I’m not sure what this is supposed to mean. Is it an inside joke? Is meant to make people feel like they should laugh? Or is it another self-congratulatory scoff at people who might have enjoyed that book?

“The trouble arises when guys think they’ve concocted a syllabus for the cinematic education of heretofore deprived women”

I’m sure there are a lot men who act like this, and not just towards women — though calling them “men” collectively might be a bit premature; I’d wager most of the people who hold these attitudes are still working through adolescence. (Either that or they have a YouTube channel or something.) I’m also sure there are a lot of men who are overtly passionate about film, regardless of how deep their knowledge of that world reaches.

Either way, responding with offense and backhanded accusations can only serve to provoke that group’s attitude more. Do you really think even one person from the crowd you’re pointing at is going to read this and experience a sudden, profound self-realization? I doubt it. So why prod on about something so trivial?

“This seems to me the heart of the matter — that in youth boys rely on the dumbed-down psychological catharsis you get from effects-laden action blockbusters and operatic gangster sagas. When you start to pick apart these plots, you threaten fragile egos informed by the principles of antiheroes with whom they identified in adolescence.”

Why write an article proposing that men possess some sort of ingrained superiority towards women when it comes film, but spend the whole time writing equally shallow, pompous jabs intended to debase their character in every way possible? In just two brief sentences above, you call that group unintelligent, formulaic, easily entertained, simple-minded, insecure, and finalize it all by generalizing that all boys’ lives play out in virtually identical ways from birth, and implying none of them grow as people past adolescence. Yet, ironically, here you are rewarding yourself and your peers for being ‘the exception’, possibly superseding the smugness of those you’ve set your sights on.

And all this, for what? Because you’ve heard from your female friends about (or possibly experienced yourself) a handful of guys who have been too pushy with an otherwise generic list of their favorite films? That’s what is supposed warrant the childish, self-satisfying tantrum of an article above? Geez.

“To put it another way: Guys, can you remember when your girlfriend not only strong-armed you into watching a film but demanded you find the value in it? And refused to entertain a read even slightly opposed to their own, acting like any quibble you had was a stain on your intelligence? No? Then do the world a favor […]”

So because you’ve never experienced a girl do this too, that justifies the claim that no girl has ever done it, and then going further to imply that girls can’t be narcissistic or condescending towards boys (or anyone else for that matter)? Or are you saying that because you’ve seen boys act that way, then girls couldn’t possibly imitate that behavior?

And why are you telling them to “do the world” favor as if there’s some kind of commonly recognized epidemic on a national (or even regional) level of men being aggressively condescending towards women about movies? The only thing this does is dismantle your article down to “self-hating, self-important white guy seeking validation generalizes trivial experience as a critical issue in need of attention, while somehow talking down to people he says need to get over themselves.”

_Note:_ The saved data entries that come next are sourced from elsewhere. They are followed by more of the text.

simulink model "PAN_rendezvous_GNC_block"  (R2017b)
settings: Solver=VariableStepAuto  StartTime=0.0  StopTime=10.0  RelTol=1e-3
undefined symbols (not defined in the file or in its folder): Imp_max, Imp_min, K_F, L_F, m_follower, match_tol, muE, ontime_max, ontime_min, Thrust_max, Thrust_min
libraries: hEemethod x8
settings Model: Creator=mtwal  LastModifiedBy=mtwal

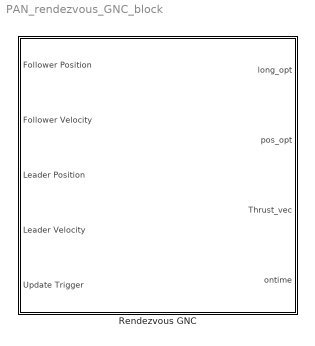
== system PAN_rendezvous_GNC_block ==
  Rendezvous GNC : Subsystem

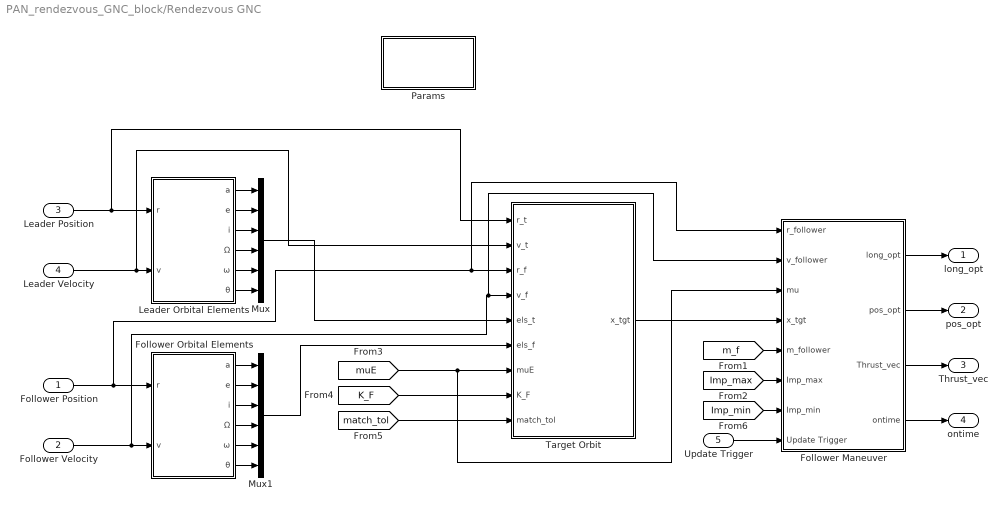
== system PAN_rendezvous_GNC_block/Rendezvous GNC ==
  Follower Position : Inport
  Follower Velocity : Inport  Port=2
  Leader Position : Inport  Port=3
  Leader Velocity : Inport  Port=4
  Update Trigger : Inport  Port=5
  Follower Maneuver : Subsystem
  Follower Orbital Elements : Subsystem
  Leader Orbital Elements : Subsystem
  Mux : Mux  Inputs=6
  Mux1 : Mux  Inputs=6
  Params : Subsystem
  Target Orbit : MATLAB Function  TreatAsAtomicUnit=on
  long_opt : Outport
  pos_opt : Outport  Port=2
  Thrust_vec : Outport  Port=3
  ontime : Outport  Port=4
  wires:
  [muE] -> Follower Maneuver/3(mu), Target Orbit/7(muE)
  [K_F] -> Target Orbit/8(K_F)
  [match_tol] -> Target Orbit/9(match_tol)
  Mux/1 -> Target Orbit/5(els_t)
  Leader Orbital Elements/5(ω) -> Mux/5
  Leader Velocity/1 -> Leader Orbital Elements/2(v), Target Orbit/2(v_t)
  Leader Position/1 -> Leader Orbital Elements/1(r), Target Orbit/1(r_t)
  Leader Orbital Elements/6(θ) -> Mux/6
  Leader Orbital Elements/2(e) -> Mux/2
  Leader Orbital Elements/3(i) -> Mux/3
  Leader Orbital Elements/1(a) -> Mux/1
  Leader Orbital Elements/4(Ω) -> Mux/4
  Mux1/1 -> Target Orbit/6(els_f)
  Follower Orbital Elements/5(ω) -> Mux1/5
  Follower Velocity/1 -> Follower Orbital Elements/2(v), Follower Maneuver/2(v_follower), Target Orbit/4(v_f)
  Follower Position/1 -> Follower Orbital Elements/1(r), Follower Maneuver/1(r_follower), Target Orbit/3(r_f)
  Follower Orbital Elements/6(θ) -> Mux1/6
  Follower Orbital Elements/2(e) -> Mux1/2
  Follower Orbital Elements/3(i) -> Mux1/3
  Follower Orbital Elements/1(a) -> Mux1/1
  Follower Orbital Elements/4(Ω) -> Mux1/4
  Target Orbit/1(x_tgt) -> Follower Maneuver/4(x_tgt)
  Update Trigger/1 -> Follower Maneuver/8(Update Trigger)
  Follower Maneuver/1(long_opt) -> long_opt/1
  Follower Maneuver/2(pos_opt) -> pos_opt/1
  Follower Maneuver/3(Thrust_vec) -> Thrust_vec/1
  Follower Maneuver/4(ontime) -> ontime/1
  [m_f] -> Follower Maneuver/5(m_follower)
  [Imp_max] -> Follower Maneuver/6(Imp_max)
  [Imp_min] -> Follower Maneuver/7(Imp_min)

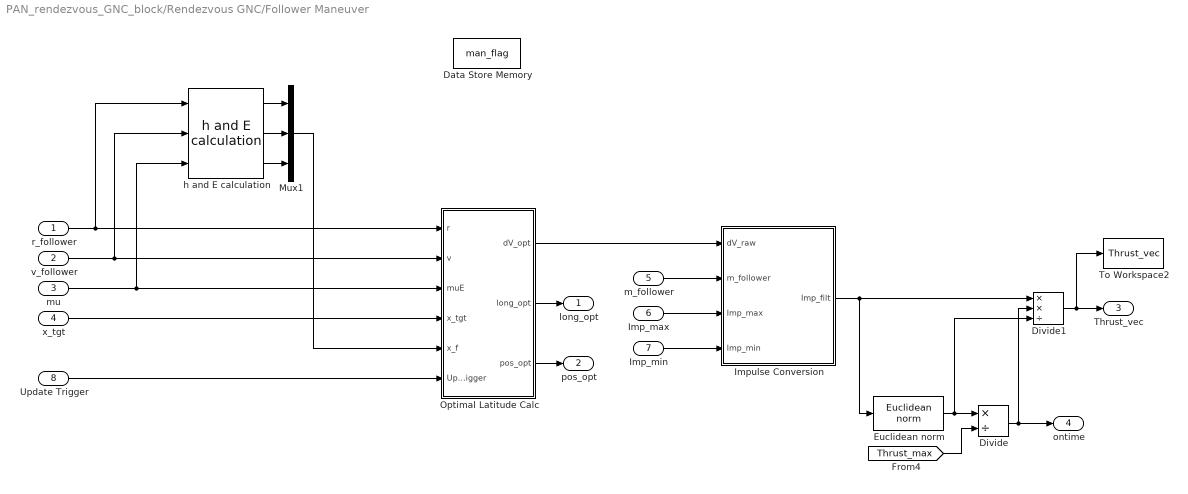
== system PAN_rendezvous_GNC_block/Rendezvous GNC/Follower Maneuver ==
  r_follower : Inport
  v_follower : Inport  Port=2
  mu : Inport  Port=3
  x_tgt : Inport  Port=4
  m_follower : Inport  Port=5
  Imp_max : Inport  Port=6
  Imp_min : Inport  Port=7
  Update Trigger : Inport  Port=8
  Data Store Memory : DataStoreMemory  DataStoreName=man_flag  WriteAfterWriteMsg=warning  WriteAfterReadMsg=warning  ShowAdditionalParam=off
  Divide : Product  Inputs=*/
  Divide1 : Product  Inputs=**/
  Euclidean norm : hEemethod/Math Operations/Euclidean norm
      settings: SourceProductName=HEe Method Library
  Impulse Conversion : MATLAB Function  TreatAsAtomicUnit=on
  Mux1 : Mux  Inputs=3
  Optimal Latitude Calc : Subsystem
  To Workspace2 : ToWorkspace  VariableName=Thrust_vec  SaveFormat=Timeseries  SampleTime=-1
  h and E calculation : hEemethod/Math Operations/h and E calculation
      settings: SourceProductName=HEe Method Library
  long_opt : Outport
  pos_opt : Outport  Port=2
  Thrust_vec : Outport  Port=3
  ontime : Outport  Port=4
  wires:
  r_follower/1 -> h and E calculation/1, Optimal Latitude Calc/1("r ")
  h and E calculation/1 -> Mux1/1
  h and E calculation/2 -> Mux1/2
  Mux1/1 -> Optimal Latitude Calc/5(x_f)
  x_tgt/1 -> Optimal Latitude Calc/4(x_tgt)
  mu/1 -> h and E calculation/3, Optimal Latitude Calc/3(muE)
  v_follower/1 -> h and E calculation/2, Optimal Latitude Calc/2("v ")
  h and E calculation/3 -> Mux1/3
  Optimal Latitude Calc/2(long_opt) -> long_opt/1
  Optimal Latitude Calc/1(dV_opt) -> Impulse Conversion/1(dV_raw)
  Imp_min/1 -> Impulse Conversion/4(Imp_min)
  Imp_max/1 -> Impulse Conversion/3(Imp_max)
  m_follower/1 -> Impulse Conversion/2(m_follower)
  Update Trigger/1 -> Optimal Latitude Calc/6(Update Trigger)
  Optimal Latitude Calc/3(pos_opt) -> pos_opt/1
  Euclidean norm/1 -> Divide1/3, Divide/1
  Divide1/1 -> To Workspace2/1, Thrust_vec/1
  [Thrust_max] -> Divide/2
  Divide/1 -> Divide1/2, ontime/1
  Impulse Conversion/1(Imp_filt) -> Euclidean norm/1, Divide1/1

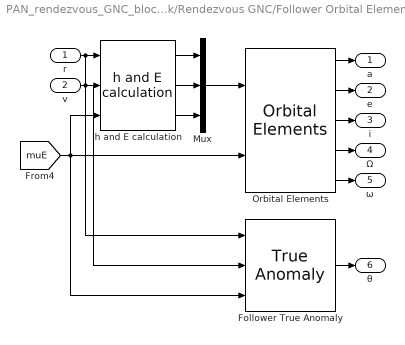
== system PAN_rendezvous_GNC_block/Rendezvous GNC/Follower Orbital Elements ==
  r : Inport
  v : Inport  Port=2
  Follower True Anomaly : hEemethod/Math Operations/True Anomaly
      settings: SourceProductName=HEe Method Library
  Mux : Mux  Inputs=3
  Orbital Elements : hEemethod/Math Operations/Orbital Elements
      settings: SourceProductName=HEe Method Library
  h and E calculation : hEemethod/Math Operations/h and E calculation
      settings: SourceProductName=HEe Method Library
  a : Outport
  e : Outport  Port=2
  i : Outport  Port=3
  Ω : Outport  Port=4
  ω : Outport  Port=5
  θ : Outport  Port=6
  wires:
  h and E calculation/1 -> Mux/1
  Orbital Elements/5 -> ω/1
  Orbital Elements/2 -> e/1
  Orbital Elements/3 -> i/1
  Orbital Elements/1 -> a/1
  r/1 -> Follower True Anomaly/1, h and E calculation/1
  Orbital Elements/4 -> Ω/1
  v/1 -> Follower True Anomaly/2, h and E calculation/2
  Mux/1 -> Orbital Elements/1
  h and E calculation/2 -> Mux/2
  h and E calculation/3 -> Mux/3
  [muE] -> Follower True Anomaly/3, Orbital Elements/2, h and E calculation/3
  Follower True Anomaly/1 -> θ/1

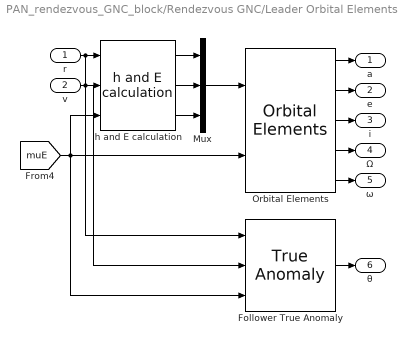
== system PAN_rendezvous_GNC_block/Rendezvous GNC/Leader Orbital Elements ==
  r : Inport
  v : Inport  Port=2
  Follower True Anomaly : hEemethod/Math Operations/True Anomaly
      settings: SourceProductName=HEe Method Library
  Mux : Mux  Inputs=3
  Orbital Elements : hEemethod/Math Operations/Orbital Elements
      settings: SourceProductName=HEe Method Library
  h and E calculation : hEemethod/Math Operations/h and E calculation
      settings: SourceProductName=HEe Method Library
  a : Outport
  e : Outport  Port=2
  i : Outport  Port=3
  Ω : Outport  Port=4
  ω : Outport  Port=5
  θ : Outport  Port=6
  wires:
  h and E calculation/1 -> Mux/1
  Orbital Elements/5 -> ω/1
  Orbital Elements/2 -> e/1
  Orbital Elements/3 -> i/1
  Orbital Elements/1 -> a/1
  r/1 -> Follower True Anomaly/1, h and E calculation/1
  Orbital Elements/4 -> Ω/1
  v/1 -> Follower True Anomaly/2, h and E calculation/2
  Mux/1 -> Orbital Elements/1
  h and E calculation/2 -> Mux/2
  h and E calculation/3 -> Mux/3
  [muE] -> Follower True Anomaly/3, Orbital Elements/2, h and E calculation/3
  Follower True Anomaly/1 -> θ/1

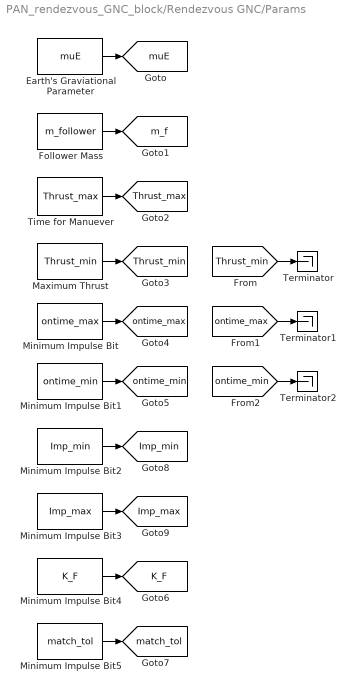
== system PAN_rendezvous_GNC_block/Rendezvous GNC/Params ==
  Earth's Graviational Parameter : Constant  Value=muE
  Follower Mass : Constant  Value=m_follower
  Maximum Thrust : Constant  Value=Thrust_min
  Minimum Impulse Bit : Constant  Value=ontime_max
  Minimum Impulse Bit1 : Constant  Value=ontime_min
  Minimum Impulse Bit2 : Constant  Value=Imp_min
  Minimum Impulse Bit3 : Constant  Value=Imp_max
  Minimum Impulse Bit4 : Constant  Value=K_F
  Minimum Impulse Bit5 : Constant  Value=match_tol
  Terminator : Terminator
  Terminator1 : Terminator
  Terminator2 : Terminator
  Time for Manuever : Constant  Value=Thrust_max
  tag scope: Imp_max=global, Imp_min=global, K_F=global, Thrust_max=global, Thrust_min=global, m_f=global, match_tol=global, muE=global, ontime_max=global, ontime_min=global
  wires:
  Time for Manuever/1 -> [Thrust_max]
  Follower Mass/1 -> [m_f]
  Earth's Graviational Parameter/1 -> [muE]
  Maximum Thrust/1 -> [Thrust_min]
  Minimum Impulse Bit/1 -> [ontime_max]
  Minimum Impulse Bit1/1 -> [ontime_min]
  Minimum Impulse Bit2/1 -> [Imp_min]
  Minimum Impulse Bit3/1 -> [Imp_max]
  [Thrust_min] -> Terminator/1
  [ontime_max] -> Terminator1/1
  [ontime_min] -> Terminator2/1
  Minimum Impulse Bit4/1 -> [K_F]
  Minimum Impulse Bit5/1 -> [match_tol]

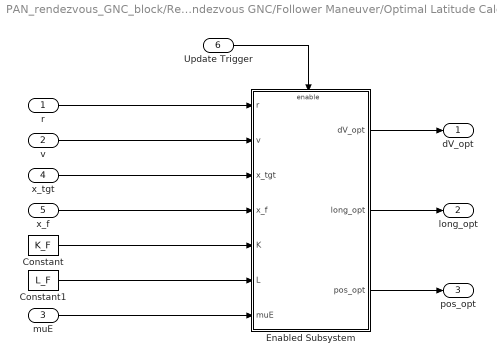
== system PAN_rendezvous_GNC_block/Rendezvous GNC/Follower Maneuver/Optimal Latitude Calc ==
  "r " : Inport
  "v " : Inport  Port=2
  muE : Inport  Port=3
  x_tgt : Inport  Port=4
  x_f : Inport  Port=5
  Update Trigger : Inport  Port=6
  Constant : Constant  Value=K_F
  Constant1 : Constant  Value=L_F
  Enabled Subsystem : Subsystem  TreatAsAtomicUnit=on
  dV_opt : Outport
  long_opt : Outport  Port=2
  pos_opt : Outport  Port=3
  wires:
  Enabled Subsystem/2(long_opt) -> long_opt/1
  "r "/1 -> Enabled Subsystem/1(r)
  "v "/1 -> Enabled Subsystem/2(v)
  muE/1 -> Enabled Subsystem/7("muE ")
  x_tgt/1 -> Enabled Subsystem/3(x_tgt)
  x_f/1 -> Enabled Subsystem/4(x_f)
  Constant/1 -> Enabled Subsystem/5(K)
  Constant1/1 -> Enabled Subsystem/6(L)
  Enabled Subsystem/1(dV_opt) -> dV_opt/1
  Enabled Subsystem/3(pos_opt) -> pos_opt/1
  Update Trigger/1 -> Enabled Subsystem/Enable

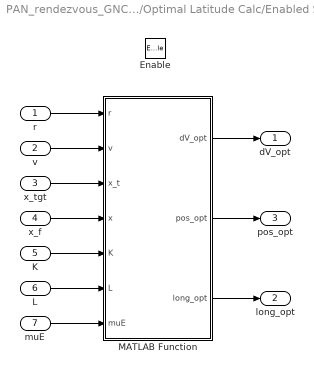
== system PAN_rendezvous_GNC_block/Rendezvous GNC/Follower Maneuver/Optimal Latitude Calc/Enabled Subsystem ==
  r : Inport
  v : Inport  Port=2
  x_tgt : Inport  Port=3
  x_f : Inport  Port=4
  K : Inport  Port=5
  L : Inport  Port=6
  "muE " : Inport  Port=7
  Enable : EnablePort
  MATLAB Function : MATLAB Function  TreatAsAtomicUnit=on
  dV_opt : Outport
  long_opt : Outport  Port=2
  pos_opt : Outport  Port=3
  wires:
  r/1 -> MATLAB Function/1(r)
  v/1 -> MATLAB Function/2(v)
  "muE "/1 -> MATLAB Function/7(muE)
  x_tgt/1 -> MATLAB Function/3(x_t)
  x_f/1 -> MATLAB Function/4(x)
  K/1 -> MATLAB Function/5(K)
  L/1 -> MATLAB Function/6(L)
  MATLAB Function/3(long_opt) -> long_opt/1
  MATLAB Function/1(dV_opt) -> dV_opt/1
  MATLAB Function/2(pos_opt) -> pos_opt/1

== matlab function PAN_rendezvous_GNC_block/Rendezvous GNC/Target Orbit ==
  data: r_t input; x_tgt output; v_t input; r_f input; v_f input; els_t input; els_f input; muE input; K_F input; match_tol input
function x_tgt = x_target(r_t,v_t,r_f,v_f,els_t,els_f,muE,K_F,match_tol)

h_f = cross(r_f,v_f);
E_f = -muE/(2*els_f(1));
ev_f = cross(v_f,h_f)/muE - r_f/norm(r_f);
x_f_current = [h_f;E_f;ev_f];

h_t = cross(r_t,v_t);
E_t = -muE/(2*els_t(1));
ev_t = cross(v_t,h_t)/muE - r_t/norm(r_t);
x_t_current = [h_t;E_t;ev_t];

if(~orb_matched(x_f_current,x_t_current,K_F,match_tol))
    x_tgt = x_t_current;
else
    pos_diff = r_t-r_f;
    vhat = v_f/norm(v_f);
    dr_vbar = dot(vhat,pos_diff)*vhat;
    along_track_sep = norm(dr_vbar);
    follower_ahead = (dot(vhat,pos_diff) < 0);

    if (norm(r_t-r_f) > 500000)
        if (follower_ahead)
            da_tgt = 500;
        else
            da_tgt = -500;
        end
    else
        [da_tgt,~] = decel_step(along_track_sep,follower_ahead);
    end

    a_tgt = els_t(1) + da_tgt;

    [~,~,x_tgt]=phasing_orbit(els_t,a_tgt,muE);
end

== matlab function PAN_rendezvous_GNC_block/Rendezvous GNC/Follower Maneuver/Optimal Latitude Calc/Enabled Subsystem/MATLAB Function ==
  data: dV_opt output; pos_opt output; long_opt output; r input; v input; x_t input; x input; K input; L input; muE input
function [dV_opt,pos_opt,long_opt] = fcn(r,v,x_t,x,K,L,muE)
%#codegen

z0=[r;v];

E=norm(v)^2/2-muE/norm(r);
a=-muE/(2*E);
T=2*pi/sqrt(muE)*a^(3/2);

options=odeset('AbsTol',1e-12,'RelTol',1e-12);
tspan=linspace(0,T,10000);
[~,zs] = ode45(@orbit1diff,tspan,z0,options,muE,[0;0;0]);

dV_opt = [0;0;0];
pos_opt = [0;0;0];
max_rat=0;
rat=0;
long_opt=0;
N=length(tspan);
x_f=x;
x_diff=x_t-x_f;
% x_diff_hat=x_diff/norm(x_diff);

for i=1:N
    r_f=zs(i,1:3);
    v_f=zs(i,4:6);
    
%     if (abs(dot(r_f,v_f))<perpTol)
%         rat=-999999;
%     end
    
    A=[crs(r_f);
       v_f];

    B=(crs(v_f)*crs(r_f)-crs(crs(r_f)*v_f'))/muE;    
    M=[A;
       B];

    dV_vec=pinv(M)*x_diff;
    dV_opt_sqd=dV_vec'*L*dV_vec;
    dx_vec=M*dV_vec;
    dx_opt_sqd=dx_vec'*K*dx_vec;
    
    rat=dx_opt_sqd/dV_opt_sqd;
    
    if (rat>max_rat)
        max_rat = rat;
        long_opt = atan2(r_f(2),r_f(1));
        pos_opt = r_f';
        dV_opt = dV_vec;
        if (long_opt<0)
            long_opt=long_opt+2*pi;
        end
    end
end
end

== matlab function PAN_rendezvous_GNC_block/Rendezvous GNC/Follower Maneuver/Impulse Conversion ==
  data: dV_raw input; m_follower input; Imp_filt output; Imp_max input; Imp_min input
function Imp_filt = fcn(dV_raw,m_follower,Imp_max,Imp_min)
%#codegen

Imp_raw = dV_raw*m_follower;

if (norm(Imp_raw)>Imp_max)
    Imp_red=Imp_raw*(Imp_max/norm(Imp_raw));
elseif (norm(Imp_raw)<Imp_min)
    Imp_red=[0;0;0];
else
    Imp_red=Imp_raw;
end

Imp_filt = Imp_red;

It’s telling that you wrote this article relying on outside sources for every piece that resembles a thought, while the only thing you actually contributed yourself were snide, ad hom remarks that I assume are supposed to substitute a point? Well, I guess they would have to, because your article doesn’t have an actual point. It’s just you jerking off about how much better you are than those “other guys” who claim are the ones with insecurity issues and overblown egos.

You can add on the bonus irony of criticizing those types guys for supposed misogyny, while you’re no better for perpetuating the “females made of glass” image, constantly in need of your protection and sympathy while living under infinite victimhood. Deplorable.